My first thought was "deer", but it was a black bear. The first I had ever seen on the Mason tract. 

It wasn't big. Maybe 200-250 pounds. And after it saw me, it was extremely timid.

I reached for the camera that I keep on a lanyard around my neck, and did snap a couple desperation shots, but he had already crossed the river, and was behind a log jam. As much as I blew the pictures up afterwards, I couldn't make out anything that looked like a black bear body part.

I had heard them in the woods at night before, but this was my first sighting.

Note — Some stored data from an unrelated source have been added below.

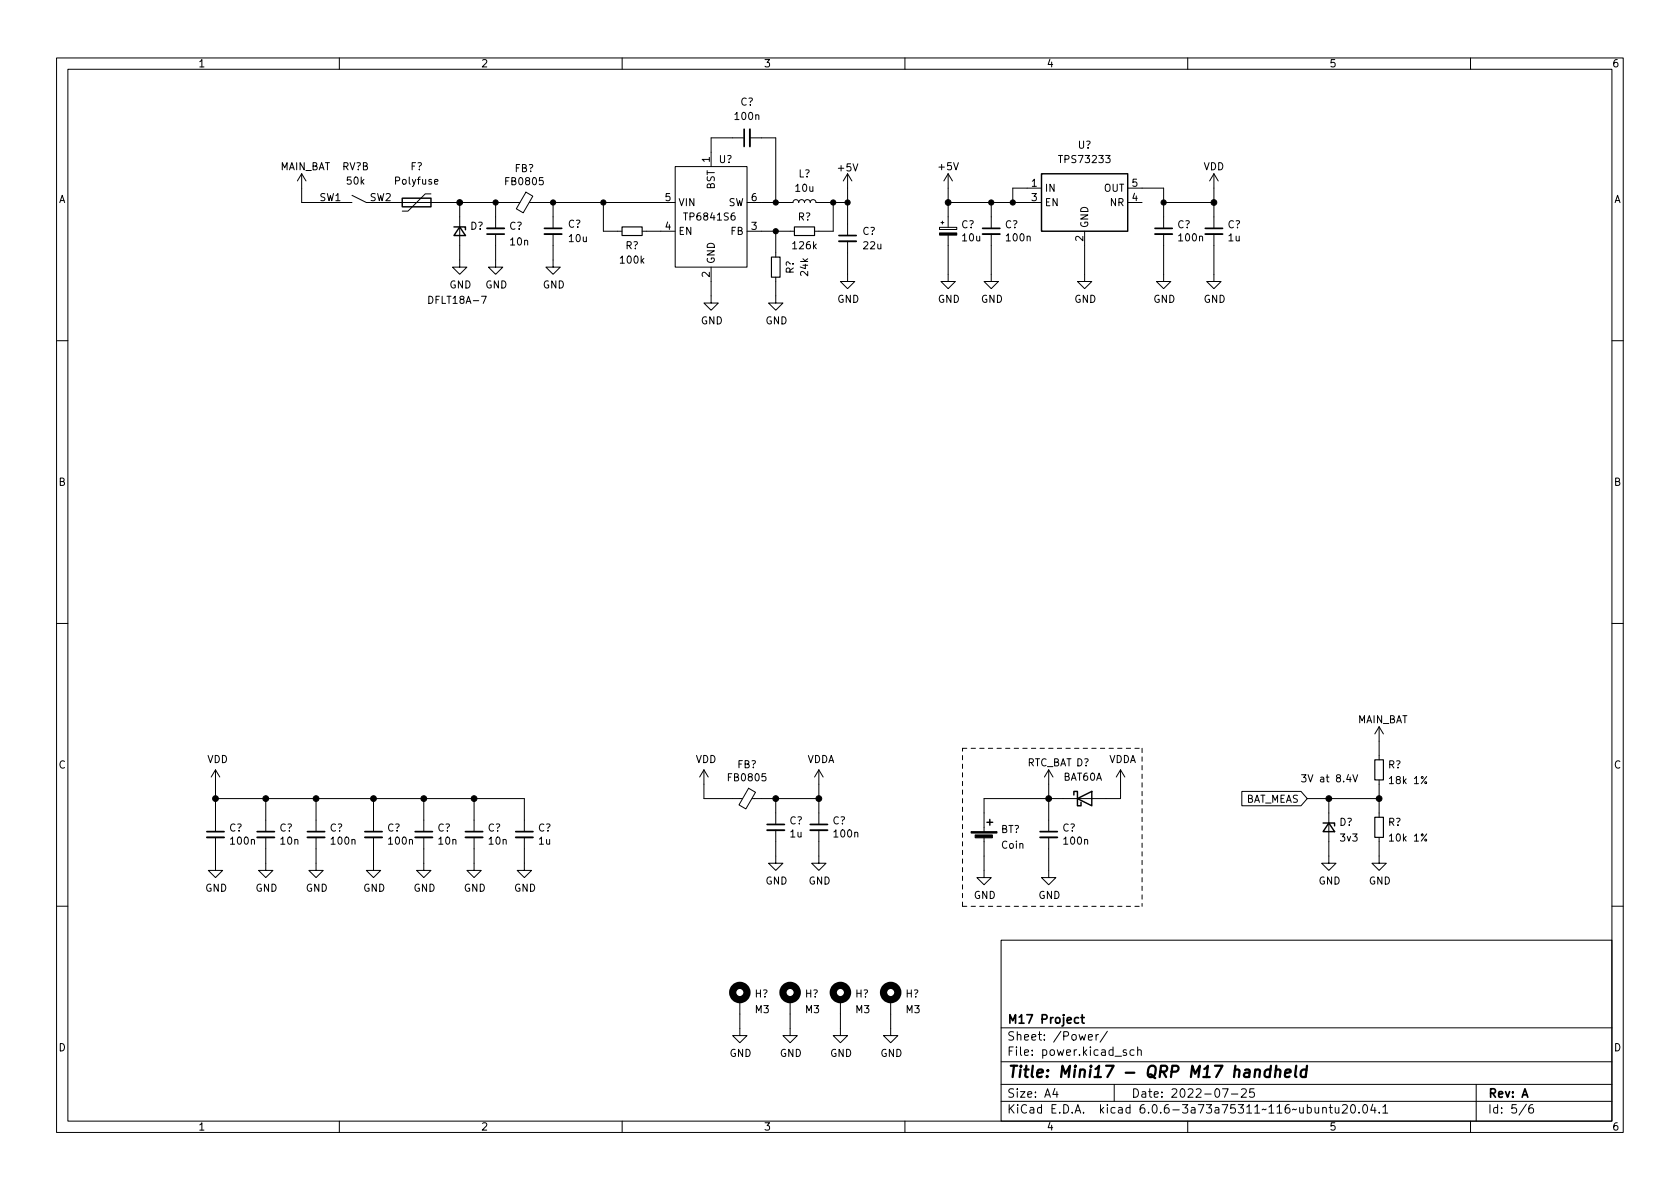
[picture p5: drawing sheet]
<svg xmlns="http://www.w3.org/2000/svg" width="297mm" height="210mm" viewBox="0 0 297 210" stroke-linecap="round" stroke-linejoin="round" font-family="sans-serif">
<g fill="none" stroke="#000" stroke-width=".18">
<path d="M10 10.2h277v190.1h-277zM12 12.2h273v186.1h-273zM60 10.2v2M110 10.2v2M160 10.2v2M210 10.2v2M260 10.2v2M53.3 30.7v5.1h3.8M53.3 30.7l-.7 1.3M53.3 30.7l.8 1.3M59.7 35.8h2.5M62.2 34.5l2.6 1.3h1.2"/>
<path d="M68.6 35.8h23.3M76.2 34.3h-1l-3.1 3h-1M76.8 32.1l.6-.1v-.2l-.4-.1-.2 .2 .1 .6h.5M81.3 35.8v11.4h1.2l-1.2 1.3-1.3-1.3h1.3M87.6 35.8v4.6M93 34l1.2 .7-1.7 2.9-1.2-.7zM93.6 35.8h25.8M97.8 35.8v4.5M106.7 35.8v5.1h3.3M119.4 29.5h12.7v17.7h-12.7zM131.4 24.4h-5.7v5.1M132.1 35.8h8.1l.2-.4 .3-.1 .4 .1 .1 .4 .1-.3 .3-.2 .5 .1 .1 .4 .3-.4 .4-.1 .2 .2 .2 .3 .1-.4 .4-.1 .3 .1 .2 .4h5.6"/>
<path d="M132.6 24.4h4.6v11.4M147.3 35.8v5.1h-3.3M149.9 30.7v10.8M149.9 30.7l-.8 1.3M149.9 30.7l.7 1.3M166.4 39.4h.5M166.6 39.1v.5M167.6 30.7l-.7 1.3M167.6 30.7v9.5M167.6 30.7l.8 1.3M167.6 35.8h16.5M175.3 35.8v4.5"/>
<path d="M184.1 33.3h-5v2.5M199.4 33.3h6.3v7M199.4 35.8h2.5M205.7 35.8h8.9M214.6 30.7v9.6M214.6 30.7l-.7 1.3M214.6 30.7l.8 1.3M75.8 52.4a.64 .64 0 0 1 .8 .6 .64 .64 0 0 1-.8 .7zM87.6 41.5v5.7h1.3l-1.3 1.3-1.2-1.3h1.2M97.8 41.4v5.8h1.3l-1.3 1.3-1.3-1.3h1.3M113.5 40.9h5.9M125.7 47.2v6.4h1.3l-1.3 1.3-1.2-1.3h1.2"/>
<path d="M132.1 40.9h8.4M137.2 49v4.6h1.2l-1.2 1.3-1.3-1.3h1.3M137.2 40.9v4.6M149.9 42.7v7.1h1.2l-1.2 1.2-1.3-1.2h1.3M166.1 40.2h3.1v.4h-3.1zM167.6 41.6v8.2h1.3l-1.3 1.2-1.2-1.2h1.2M175.3 41.4v8.4h1.2l-1.2 1.2-1.3-1.2h1.3M191.8 40.9v8.9h1.2l-1.2 1.2-1.3-1.2h1.3M205.7 41.4v8.4h1.3l-1.3 1.2-1.2-1.2h1.2M214.6 41.4v8.4h1.3l-1.3 1.2-1.2-1.2h1.2M10 60.2h2M285 60.2h2"/>
<path d="M10 110.2h2M285 110.2h2M38.1 136.1v10.8M38.1 136.1l-.8 1.3M38.1 136.1l.8 1.3M124.5 136.1l-.8 1.3M124.5 136.1v5.1h6.8M124.5 136.1l.7 1.3M132.4 139.4l1.2 .7-1.7 2.9-1.2-.7zM144.8 136.1v9.6M144.8 136.1l-.8 1.3M144.8 136.1l.7 1.3"/>
<path d="M185.4 136.1l-.7 1.3M185.4 136.1v10.8M185.4 136.1l.8 1.3M198.1 136.1v5.1h-24.1v5.9M198.1 136.1l-.7 1.3M198.1 136.1l.8 1.3M219.6 139.9h10.4l1.1 1.3-1.1 1.3h-10.4zM238.4 136.9l-.3 .9h.8M238.7 137.4v.9M239.2 137l.4 1.3 .4-1.3M243.8 128.5l-.7 1.3M243.8 128.5v5.9"/>
<path d="M243.8 137.9v6.6M243.8 128.5l.8 1.3M38.1 148.1v5.8h1.3l-1.3 1.3-1.3-1.3h1.3M38.1 141.2h54.6v5.7M47 148.1v5.8h1.3l-1.3 1.3-1.3-1.3h1.3M47 141.2v5.7M55.9 148.1v5.8h1.2l-1.2 1.3-1.3-1.3h1.3M55.9 141.2v5.7M66 148.1v5.8h1.3l-1.3 1.3-1.2-1.3h1.2M66 141.2v5.7M74.9 148.1v5.8h1.3l-1.3 1.3-1.2-1.3h1.2M74.9 141.2v5.7"/>
<path d="M83.8 148.1v5.8h1.3l-1.3 1.3-1.3-1.3h1.3M83.8 141.2v5.7M92.7 148.1v5.8h1.3l-1.3 1.3-1.3-1.3h1.3M133 141.2h11.8M137.2 146.8v5.8h1.2l-1.2 1.3-1.3-1.3h1.3M137.2 141.2v4.5M144.8 146.8v5.8h1.2l-1.2 1.3-1.3-1.3h1.3M174 148.1v7.1h1.3l-1.3 1.3-1.3-1.3h1.3M185.4 148.1v7.1h1.3l-1.3 1.3-1.3-1.3h1.3M231.1 141.2h12.7M234.9 141.2v11.4h1.3l-1.3 1.3-1.2-1.3h1.2M243.8 148.1v4.5h1.3l-1.3 1.3-1.2-1.3h1.2"/>
<path d="M10 160.2h2M130.8 176.8v6.3h1.3l-1.3 1.3-1.3-1.3h1.3M139.7 176.8v6.3h1.3l-1.3 1.3-1.3-1.3h1.3M148.6 176.8v6.3h1.3l-1.3 1.3-1.3-1.3h1.3M157.5 176.8v6.3h1.2l-1.2 1.3-1.3-1.3h1.3M177 166.3h108v32h-108zM285 160.2h2M60 198.3v2M110 198.3v2M160 198.3v2M177 194.8h108M177 191.8h108"/>
<path d="M177 187.8h108M177 181.8h108M186.5 192.5l-.4 1h1M186.9 193v1M192.4 183.4l.7-.1v-.3l-.5-.1-.2 .2 .1 .8h.6M193.8 182.9v1M194.2 182.9l-.3 .1-.1 .2M195.8 182.4l-1.3 1.9M197 191.8v3M199.1 185.7l-.3-.1-.2 .2v.3l.5 .1v.4h-.5M200.5 185.7l-.4-.1-.3 .3v.4l.1 .3h.6M201.1 185.8l.3-.2 .3 .1 .1 .9"/>
<path d="M201.1 185.1v1.5M210 198.3v2M216.1 192.5h1l-.6 1.5M217.7 193.5h1.2M219.5 192.7l.6-.2 .2 .2 .1 .3-1 1h1M221.7 192.5h-.7l-.1 .7 .2-.1 .5 .1 .2 .2-.1 .5-.2 .1-.6-.1M233.9 196l.2-.2 .3 .1 .1 .9M233.9 195.8v1M235 195.8h.6M235.2 195.3v1.3l.4 .2M236.1 195.8v1h.4l.2-.1M236.7 195.8v1"/>
<path d="M237.4 195.5l.5-.2 .2 .2 .1 .3-.9 1h.9M239 195.4l.1-.1a.81 .81 0 0 1 .6 .7 .81 .81 0 0 1-.3 .8h-.1a.81 .81 0 0 1-.6-.6 .81 .81 0 0 1 .3-.8zM240.3 196.7v.1M241.1 195.5l.2-.2a.81 .81 0 0 1 .6 .7 .81 .81 0 0 1-.3 .8h-.2a.81 .81 0 0 1-.3-1.3zM242.7 195.3l-.3 1h.9M243.1 195.8v1M243.9 196.7v.1M244.5 195.8l.4-.5v1.5M244.5 196.8h.9M260 198.3v2M261 191.8v6.5M269.9 195.3l-1.3 1.9"/>
<path d="M271 195.3a.6 .6 0 0 0-.7 .7v.5l.1 .3h.5l.2-.1 .1-.5-.2-.2-.4-.1-.3 .3"/>
</g>
<path d="M224.6 189.2a.66 .66 0 0 0-1 .3v.6l.1 .3 .2 .1 .6-.1M224.7 188.5l-.2 2M225.6 189.3a.49 .49 0 0 1 .8 .1l-.1 1.1M225.7 188.5l-.3 2M227.2 189.8l1-.2-.1-.4-.1-.1-.6 .1-.2 1 .2 .3 .6-.1M229.2 188.5l-.2 1.7 .2 .3M231 189.2a.66 .66 0 0 0-1 .3l-.1 .6 .2 .3 .2 .1 .6-.1M231.1 188.5l-.3 2" fill="none" stroke="#000" stroke-width=".4"/>
<g fill="none" stroke="#000" stroke-width=".3">
<path d="M131.6 22.9v3M86.1 41.4h3.1M96.3 40.4h3M148.3 41.7h3.1M173.7 40.4h3.1M204.2 40.4h3.1M213.1 40.4h3.1M36.6 147.1h3M45.5 147.1h3M54.4 147.1h3M64.5 147.1h3.1M73.4 147.1h3.1"/>
<path d="M82.3 147.1h3M91.2 147.1h3M135.6 145.8h3.1M143.3 145.8h3M183.9 147.1h3M191.1 179.9h.6M191.3 179.4v1.3l.4 .2M190.7 180l-.4-.1-.3 .3v.4l.1 .3h.6"/>
</g>
<path d="M110 40.1h3.5v1.6h-3.5zM136.4 45.5h1.5v3.5h-1.5zM140.5 40.1h3.5v1.6h-3.5zM243.1 134.4h1.5v3.5h-1.5zM243.1 144.5h1.5v3.6h-1.5z" fill="none" stroke="#000" stroke-width=".2"/>
<g fill="none" stroke="#000" stroke-width=".33">
<path d="M132.6 22.9v3M86.1 40.4h3.1M96.3 41.4h3M148.3 42.7h3.1M173.7 41.4h3.1M204.2 41.4h3.1M213.1 41.4h3.1M36.6 148.1h3M45.5 148.1h3M54.4 148.1h3M64.5 148.1h3.1M73.4 148.1h3.1"/>
<path d="M82.3 148.1h3M91.2 148.1h3M135.6 146.8h3.1M143.3 146.8h3M183.9 148.1h3"/>
</g>
<g fill="#000" stroke="#000" stroke-width=".18">
<path d="M166.1 41.2h3.1v.4h-3.1zM171.7 147.1h4.6v.2h-4.6zM172.4 147.6h3.1v.6h-3.1z"/>
<circle cx="81.3" cy="35.8" r=".51"/>
<circle cx="87.6" cy="35.8" r=".46"/>
<circle cx="97.8" cy="35.8" r=".46"/>
<circle cx="106.7" cy="35.8" r=".46"/>
<circle cx="137.2" cy="35.8" r=".46"/>
<circle cx="147.3" cy="35.8" r=".46"/>
<circle cx="149.9" cy="35.8" r=".46"/>
<circle cx="167.6" cy="35.8" r=".51"/>
<circle cx="175.3" cy="35.8" r=".46"/>
<circle cx="179.1" cy="35.8" r=".46"/>
<circle cx="205.7" cy="35.8" r=".46"/>
<circle cx="214.6" cy="35.8" r=".51"/>
<circle cx="137.2" cy="40.9" r=".46"/>
<circle cx="38.1" cy="141.2" r=".51"/>
<circle cx="47" cy="141.2" r=".51"/>
<circle cx="55.9" cy="141.2" r=".51"/>
<circle cx="66" cy="141.2" r=".51"/>
<circle cx="74.9" cy="141.2" r=".51"/>
<circle cx="83.8" cy="141.2" r=".51"/>
<circle cx="137.2" cy="141.2" r=".51"/>
<circle cx="144.8" cy="141.2" r=".51"/>
<circle cx="185.4" cy="141.2" r=".51"/>
<circle cx="235" cy="141.2" r=".51"/>
<circle cx="243.8" cy="141.2" r=".51"/>
</g>
<g fill="none" stroke="#000" stroke-width="1.3">
<circle cx="130.8" cy="175.5" r="1.27"/>
<circle cx="139.7" cy="175.5" r="1.27"/>
<circle cx="148.6" cy="175.5" r="1.27"/>
<circle cx="157.5" cy="175.5" r="1.27"/>
</g>
<path d="M71.1 35h5.1v1.6h-5.1zM184.1 30.7h15.3v10.2h-15.3zM80.3 40.1h2v.5M81.3 40.1l1 1.6h-2zM174.5 145.4h1M175 144.9v1M189.9 140.6v-.7h.6v2.6h.6v-.6M190.5 141.2l2.5-1.3v2.6zM233.9 145.5h2.1v.5M234.9 145.5l1.1 1.6h-2.1z" fill="none" stroke="#000" stroke-width=".25"/>
<path d="M170.2 132.3h31.7M201.9 132.3v28M170.2 160.3h31.7M170.2 160.3v-28" fill="none" stroke="#000" stroke-width=".18" stroke-dasharray=".8 .8"/>
<text font-size="2.8" x="178" y="190.6">Title: Mini17 - QRP M17 handheld</text>
<g font-size="2.1">
<text x="178" y="184">Sheet: /Power/</text>
<text x="178" y="181">M17 Project</text>
<text x="178" y="186.7">File: power.kicad_sch</text>
<text x="178" y="196.9">KiCad E.D.A. kicad 6.0.6-3a73a75311~116~ubuntu20.04.1</text>
<text x="178" y="194.1">Size: A4</text>
<text x="200" y="194.1">Date: 2022-07-25</text>
<text x="263" y="194.1">Rev: A</text>
<text x="263" y="196.9">Id: 5/6</text>
</g>
<g font-size="1.8">
<text x="35" y="11.9">1</text>
<text x="85" y="11.9">2</text>
<text x="135" y="11.9">3</text>
<text x="185" y="11.9">4</text>
<text x="235" y="11.9">5</text>
<text x="285" y="11.9">6</text>
<text x="130.1" y="21.2">100n</text>
<text x="130.9" y="18.7">C?</text>
<text x="125.5" y="28.7" transform="rotate(-90 125.5 28.7)">1</text>
<text x="127.1" y="28.8">U?</text>
<text x="187.6" y="28.8">TPS73233</text>
<text x="190.6" y="26.3">U?</text>
<text x="10.3" y="35.9">A</text>
<text x="49.4" y="30.1">MAIN_BAT</text>
<text x="56.5" y="35.6">SW1</text>
<text x="60.5" y="30.1">RV?B</text>
<text x="61.4" y="32.6">50k</text>
<text x="65.4" y="35.6">SW2</text>
<text x="70" y="32.6">Polyfuse</text>
<text x="72.6" y="30.1">F?</text>
<text x="89.6" y="32.7">FB0805</text>
<text x="91" y="30.4">FB?</text>
<text x="117.6" y="35.6">5</text>
<text x="126.4" y="33.5" transform="rotate(-90 126.4 33.5)">BST</text>
<text x="132.9" y="35.6">6</text>
<text x="140.7" y="33.9">10u</text>
<text x="141.2" y="31.4">L?</text>
<text x="148.3" y="30.3">+5V</text>
<text x="166" y="30.1">+5V</text>
<text x="182.4" y="33">1</text>
<text x="182.4" y="35.6">3</text>
<text x="184.7" y="33.9">IN</text>
<text x="195.1" y="33.9">OUT</text>
<text x="200.2" y="35.6">4</text>
<text x="200.2" y="33">5</text>
<text x="212.8" y="30.1">VDD</text>
<text x="285.3" y="35.9">A</text>
<text x="83.1" y="40.6">D?</text>
<text x="90" y="40.6">C?</text>
<text x="100.4" y="40.3">C?</text>
<text x="117.6" y="40.6">4</text>
<text x="119.9" y="41.5">EN</text>
<text x="119.9" y="36.4">VIN</text>
<text x="121.3" y="39">TP6841S6</text>
<text x="128.7" y="36.4">SW</text>
<text x="129.2" y="41.5">FB</text>
<text x="132.9" y="40.6">3</text>
<text x="141.1" y="39">R?</text>
<text x="152.5" y="41.5">C?</text>
<text x="170" y="40.4">C?</text>
<text x="177.7" y="40.4">C?</text>
<text x="184.7" y="36.4">EN</text>
<text x="192.4" y="40.4" transform="rotate(-90 192.4 40.4)">GND</text>
<text x="196.3" y="36.4">NR</text>
<text x="208.2" y="40.4">C?</text>
<text x="217" y="40.4">C?</text>
<text x="90.3" y="43.4">10n</text>
<text x="100.7" y="42.8">10u</text>
<text x="109.8" y="46.6">100k</text>
<text x="110.6" y="44.1">R?</text>
<text x="126.4" y="46.7" transform="rotate(-90 126.4 46.7)">GND</text>
<text x="140.3" y="44.1">126k</text>
<text x="152.7" y="44.1">22u</text>
<text x="170.2" y="42.7">10u</text>
<text x="178" y="42.7">100n</text>
<text x="191.5" y="42.7" transform="rotate(-90 191.5 42.7)">2</text>
<text x="208.5" y="42.7">100n</text>
<text x="217.2" y="42.7">1u</text>
<text x="76.4" y="53.7">DFLT18A-7</text>
<text x="79.4" y="51">GND</text>
<text x="85.8" y="51">GND</text>
<text x="96" y="51">GND</text>
<text x="125.5" y="49" transform="rotate(-90 125.5 49)">2</text>
<text x="140.3" y="48.4" transform="rotate(-90 140.3 48.4)">R?</text>
<text x="142.9" y="48.7" transform="rotate(-90 142.9 48.7)">24k</text>
<text x="148" y="53.5">GND</text>
<text x="165.8" y="53.5">GND</text>
<text x="173.4" y="53.5">GND</text>
<text x="189.9" y="53.5">GND</text>
<text x="203.9" y="53.5">GND</text>
<text x="212.8" y="53.5">GND</text>
<text x="123.9" y="57.3">GND</text>
<text x="135.3" y="57.3">GND</text>
<text x="10.3" y="85.9">B</text>
<text x="285.3" y="85.9">B</text>
<text x="239.9" y="127.9">MAIN_BAT</text>
<text x="10.3" y="135.9">C</text>
<text x="36.6" y="134.9">VDD</text>
<text x="123" y="134.9">VDD</text>
<text x="130.4" y="135.8">FB?</text>
<text x="142.7" y="134.9">VDDA</text>
<text x="181.5" y="135.5">RTC_BAT D?</text>
<text x="196" y="134.9">VDDA</text>
<text x="245.4" y="135.9">R?</text>
<text x="285.3" y="135.9">C</text>
<text x="128.9" y="138.1">FB0805</text>
<text x="188" y="138">BAT60A</text>
<text x="220" y="141.9">BAT_MEAS</text>
<text x="229.9" y="138.3">3V at 8.4V</text>
<text x="246" y="138.6">18k 1%</text>
<text x="40.5" y="147">C?</text>
<text x="40.9" y="149.3">100n</text>
<text x="49.4" y="147">C?</text>
<text x="49.7" y="149.3">10n</text>
<text x="58.3" y="147">C?</text>
<text x="58.7" y="149.3">100n</text>
<text x="68.5" y="147">C?</text>
<text x="68.8" y="149.3">100n</text>
<text x="77.3" y="147">C?</text>
<text x="77.6" y="149.3">10n</text>
<text x="86.2" y="147">C?</text>
<text x="86.5" y="149.3">10n</text>
<text x="95.1" y="147">C?</text>
<text x="95.3" y="149.3">1u</text>
<text x="139.6" y="145.8">C?</text>
<text x="139.7" y="148.1">1u</text>
<text x="147.2" y="145.8">C?</text>
<text x="147.6" y="148.1">100n</text>
<text x="176.9" y="147.3">BT?</text>
<text x="187.8" y="147">C?</text>
<text x="188.2" y="149.3">100n</text>
<text x="236.8" y="146">D?</text>
<text x="237" y="148.8">3v3</text>
<text x="245.4" y="146">R?</text>
<text x="246" y="148.8">10k 1%</text>
<text x="177.1" y="150.1">Coin</text>
<text x="36.3" y="157.7">GND</text>
<text x="45.2" y="157.7">GND</text>
<text x="54" y="157.7">GND</text>
<text x="64.2" y="157.7">GND</text>
<text x="73.1" y="157.7">GND</text>
<text x="82" y="157.7">GND</text>
<text x="90.9" y="157.7">GND</text>
<text x="135.3" y="156.4">GND</text>
<text x="142.9" y="156.4">GND</text>
<text x="172.2" y="158.9">GND</text>
<text x="183.6" y="158.9">GND</text>
<text x="233.1" y="156.4">GND</text>
<text x="242" y="156.4">GND</text>
<text x="133.5" y="176.4">H?</text>
<text x="133.5" y="179.2">M3</text>
<text x="142.3" y="176.4">H?</text>
<text x="142.4" y="179.2">M3</text>
<text x="151.2" y="176.4">H?</text>
<text x="151.3" y="179.2">M3</text>
<text x="160.1" y="176.4">H?</text>
<text x="160.2" y="179.2">M3</text>
<text x="10.3" y="185.9">D</text>
<text x="285.3" y="185.9">D</text>
<text x="129" y="186.9">GND</text>
<text x="137.9" y="186.9">GND</text>
<text x="146.8" y="186.9">GND</text>
<text x="155.6" y="186.9">GND</text>
<text x="35" y="199.9">1</text>
<text x="85" y="199.9">2</text>
<text x="135" y="199.9">3</text>
<text x="185" y="199.9">4</text>
<text x="235" y="199.9">5</text>
<text x="285" y="199.9">6</text>
</g>
</svg>

How do you spell Pepper Spray??? :sad:

Bob


----------



## Sailor

How do you spell Pepper Spray??? :sad:

Bob[/QUOTE]

Hi Bob,Welcome to the site. If you follow this link:
http://www.udap.com
you'll find the best Pepper Spray made and the bloody face that convinced the guy (with the bloody face) to go into business making it! Mark is a customer of ours and I'm very impressed with his firsthand knowledge of bear attacks and the use of pepper spray. You can buy it from him or at Cabela's.


----------



## catch&release

I've never had a weird experience in MI while in the outdoors.

The place that creeped me out as a college kid was Cattaragus Creek in SW New York State. It's the first place I tried fishing for trout. There are a lot of narrow gorges where you're kind of boxed in and if anything bad is upstream or downstream there's nowhere to go. 

I was fishing there at sunset in the late summer and it was a windless evening. No birds were singing and no bugs were chirping. The utter quiet beside the low babble of the stream really seemed ominous. I just had a weird, hair raising feeling about being alone in such a eerily still and quiet place. I left an hour earlier than I had to and never returned.

Funny, after thinking about it, today I typed a google search for "Zoar Valley Haunted" and pulled up the below link. Even though it's been 20 years, maybe I was right to high tail it out of there that night!

www.paranormalghostsociety.org/Zoar Valley.htm


----------